With the selected ADC (AD7768-1) and MCU (ADuCM4050 or MAX32660), we can realize a high speed data transaction through SPI. To achieve the goal of speed optimization, we conduct the data transaction according to the ADI SPI driver but deduct the redundant commands. Also, the activation of the DMA controller frees the core and speeds up the continuous data transaction. With DMA ping-pong mode, DMA configuration time is saved with a proper schedule. On top of acceleration through DMA, the interrupt handler can also be optimized by direct specification of the interrupted pin. The best performance reaches a 128 kSPS ADC ODR at the 13 MHz SPI bit rate.
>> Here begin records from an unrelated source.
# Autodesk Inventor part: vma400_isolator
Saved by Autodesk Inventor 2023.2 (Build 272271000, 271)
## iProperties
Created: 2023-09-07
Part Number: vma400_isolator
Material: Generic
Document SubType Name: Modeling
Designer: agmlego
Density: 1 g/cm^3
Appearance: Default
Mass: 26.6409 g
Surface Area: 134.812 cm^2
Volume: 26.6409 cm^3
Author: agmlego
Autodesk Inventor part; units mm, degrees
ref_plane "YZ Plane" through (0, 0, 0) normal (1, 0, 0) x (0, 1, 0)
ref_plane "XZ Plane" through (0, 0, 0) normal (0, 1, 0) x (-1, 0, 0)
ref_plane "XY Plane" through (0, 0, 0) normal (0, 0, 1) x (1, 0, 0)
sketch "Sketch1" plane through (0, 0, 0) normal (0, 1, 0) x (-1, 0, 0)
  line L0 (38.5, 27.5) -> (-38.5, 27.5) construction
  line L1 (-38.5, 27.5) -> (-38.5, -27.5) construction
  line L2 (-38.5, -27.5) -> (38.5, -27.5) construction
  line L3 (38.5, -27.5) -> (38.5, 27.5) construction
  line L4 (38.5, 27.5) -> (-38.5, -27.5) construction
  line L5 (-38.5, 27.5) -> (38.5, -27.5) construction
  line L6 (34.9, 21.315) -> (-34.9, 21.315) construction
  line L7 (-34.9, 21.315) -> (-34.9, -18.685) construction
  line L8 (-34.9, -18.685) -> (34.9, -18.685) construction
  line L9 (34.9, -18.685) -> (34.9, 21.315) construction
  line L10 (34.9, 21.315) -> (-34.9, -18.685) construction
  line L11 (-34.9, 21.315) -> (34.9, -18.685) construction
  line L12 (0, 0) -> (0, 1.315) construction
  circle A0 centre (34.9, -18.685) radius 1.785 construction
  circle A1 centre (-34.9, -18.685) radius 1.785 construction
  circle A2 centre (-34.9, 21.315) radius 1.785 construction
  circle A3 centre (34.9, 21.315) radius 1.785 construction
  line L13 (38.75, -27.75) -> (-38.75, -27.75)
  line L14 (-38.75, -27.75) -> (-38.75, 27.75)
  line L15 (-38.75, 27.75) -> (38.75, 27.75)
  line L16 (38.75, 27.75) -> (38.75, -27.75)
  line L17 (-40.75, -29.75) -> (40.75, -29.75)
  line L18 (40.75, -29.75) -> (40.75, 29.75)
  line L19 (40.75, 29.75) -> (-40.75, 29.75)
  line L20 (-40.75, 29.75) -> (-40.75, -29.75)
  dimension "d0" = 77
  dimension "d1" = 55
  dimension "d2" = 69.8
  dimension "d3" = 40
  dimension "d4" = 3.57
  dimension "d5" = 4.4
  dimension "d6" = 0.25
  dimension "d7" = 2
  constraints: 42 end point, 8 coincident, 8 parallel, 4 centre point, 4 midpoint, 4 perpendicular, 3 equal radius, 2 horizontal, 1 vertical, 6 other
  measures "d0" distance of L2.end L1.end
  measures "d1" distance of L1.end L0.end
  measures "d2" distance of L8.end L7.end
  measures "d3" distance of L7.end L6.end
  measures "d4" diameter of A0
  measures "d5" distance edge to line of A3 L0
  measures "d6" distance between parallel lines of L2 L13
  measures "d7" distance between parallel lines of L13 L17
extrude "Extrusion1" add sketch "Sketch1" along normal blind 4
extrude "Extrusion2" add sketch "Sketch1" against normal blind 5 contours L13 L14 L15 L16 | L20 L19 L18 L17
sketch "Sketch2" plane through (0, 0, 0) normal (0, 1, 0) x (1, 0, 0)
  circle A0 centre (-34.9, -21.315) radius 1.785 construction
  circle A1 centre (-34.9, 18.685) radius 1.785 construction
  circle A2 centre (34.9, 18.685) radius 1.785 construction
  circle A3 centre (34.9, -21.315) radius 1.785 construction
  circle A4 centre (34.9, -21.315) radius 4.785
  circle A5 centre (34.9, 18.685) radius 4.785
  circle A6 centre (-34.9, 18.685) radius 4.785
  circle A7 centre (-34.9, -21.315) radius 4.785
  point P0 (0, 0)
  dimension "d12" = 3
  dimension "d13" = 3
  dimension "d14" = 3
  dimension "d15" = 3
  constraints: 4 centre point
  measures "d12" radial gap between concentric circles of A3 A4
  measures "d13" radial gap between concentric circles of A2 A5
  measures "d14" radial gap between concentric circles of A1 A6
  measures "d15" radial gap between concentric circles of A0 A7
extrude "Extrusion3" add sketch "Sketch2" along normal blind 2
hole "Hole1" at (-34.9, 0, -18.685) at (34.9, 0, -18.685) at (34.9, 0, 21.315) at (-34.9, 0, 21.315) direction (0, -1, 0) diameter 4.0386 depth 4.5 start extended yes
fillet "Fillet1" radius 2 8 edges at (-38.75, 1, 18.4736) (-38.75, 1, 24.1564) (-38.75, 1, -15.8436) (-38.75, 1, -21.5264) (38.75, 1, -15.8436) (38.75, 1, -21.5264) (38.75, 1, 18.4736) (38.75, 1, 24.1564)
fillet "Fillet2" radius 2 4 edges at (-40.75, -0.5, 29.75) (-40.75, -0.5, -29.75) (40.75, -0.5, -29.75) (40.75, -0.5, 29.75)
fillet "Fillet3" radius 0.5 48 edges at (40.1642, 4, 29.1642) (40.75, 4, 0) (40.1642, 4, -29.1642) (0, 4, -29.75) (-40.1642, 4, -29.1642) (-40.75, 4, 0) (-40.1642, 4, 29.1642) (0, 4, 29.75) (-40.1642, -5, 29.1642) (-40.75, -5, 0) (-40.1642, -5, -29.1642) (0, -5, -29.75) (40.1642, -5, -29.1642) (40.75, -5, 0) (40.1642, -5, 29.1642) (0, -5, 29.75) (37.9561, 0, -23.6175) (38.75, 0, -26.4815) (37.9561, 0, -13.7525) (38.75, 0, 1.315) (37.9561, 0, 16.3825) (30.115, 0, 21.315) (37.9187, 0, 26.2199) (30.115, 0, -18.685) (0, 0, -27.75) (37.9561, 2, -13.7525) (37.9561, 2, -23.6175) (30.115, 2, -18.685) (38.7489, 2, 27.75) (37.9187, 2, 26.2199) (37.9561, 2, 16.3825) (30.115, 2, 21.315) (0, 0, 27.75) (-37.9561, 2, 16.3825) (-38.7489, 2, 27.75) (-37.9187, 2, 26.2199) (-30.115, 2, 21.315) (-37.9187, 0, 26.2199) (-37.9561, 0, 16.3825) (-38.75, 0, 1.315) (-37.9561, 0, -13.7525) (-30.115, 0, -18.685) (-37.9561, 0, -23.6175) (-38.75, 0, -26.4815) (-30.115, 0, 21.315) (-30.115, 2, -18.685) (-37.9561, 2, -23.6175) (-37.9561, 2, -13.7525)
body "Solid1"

使用所选的ADC(AD7768-1)和MCU(ADuCM4050或MAX32660),我们可以通过SPI实现高速数据传输。为了达到速度优化的目标,我们根据ADI SPI驱动程序进行数据传输,但扣除了冗余命令。此外,DMA 控制器的激活可以释放内核并加速连续数据传输。使用 DMA 乒乓模式,可以通过适当的计划节省 DMA 配置时间。除了通过 DMA 加速之外,还可以通过直接指定中断引脚来优化中断处理程序。最佳性能在 13 MHz SPI 比特率下达到 128 kSPS ADC ODR。
Throughout the writing of this dissertation, we have received a great deal of support and assistance.
在本论文的写作过程中,我们得到了很多支持和帮助。
We would like to thank Charles Lee, whose expertise was invaluable in hardware experience, software support, and even debugging tips.
我们要感谢 Charles Lee,他的专业知识在硬件经验、软件支持甚至调试技巧方面都是非常宝贵的。
We would also like to thank our mentor, William Chen, for his guidance in technical support.
我们还要感谢我们的导师 William Chen 在技术支持方面的指导。
Finally, we want to thank Frank Chang, who shared with us much of the technical experience from his career.
最后,我们要感谢 Frank Chang,他与我们分享了他职业生涯中的许多技术经验。
Note: All images and charts are courtesy of Analog Devices.
注:所有图像和图表均由 Analog Devices 提供。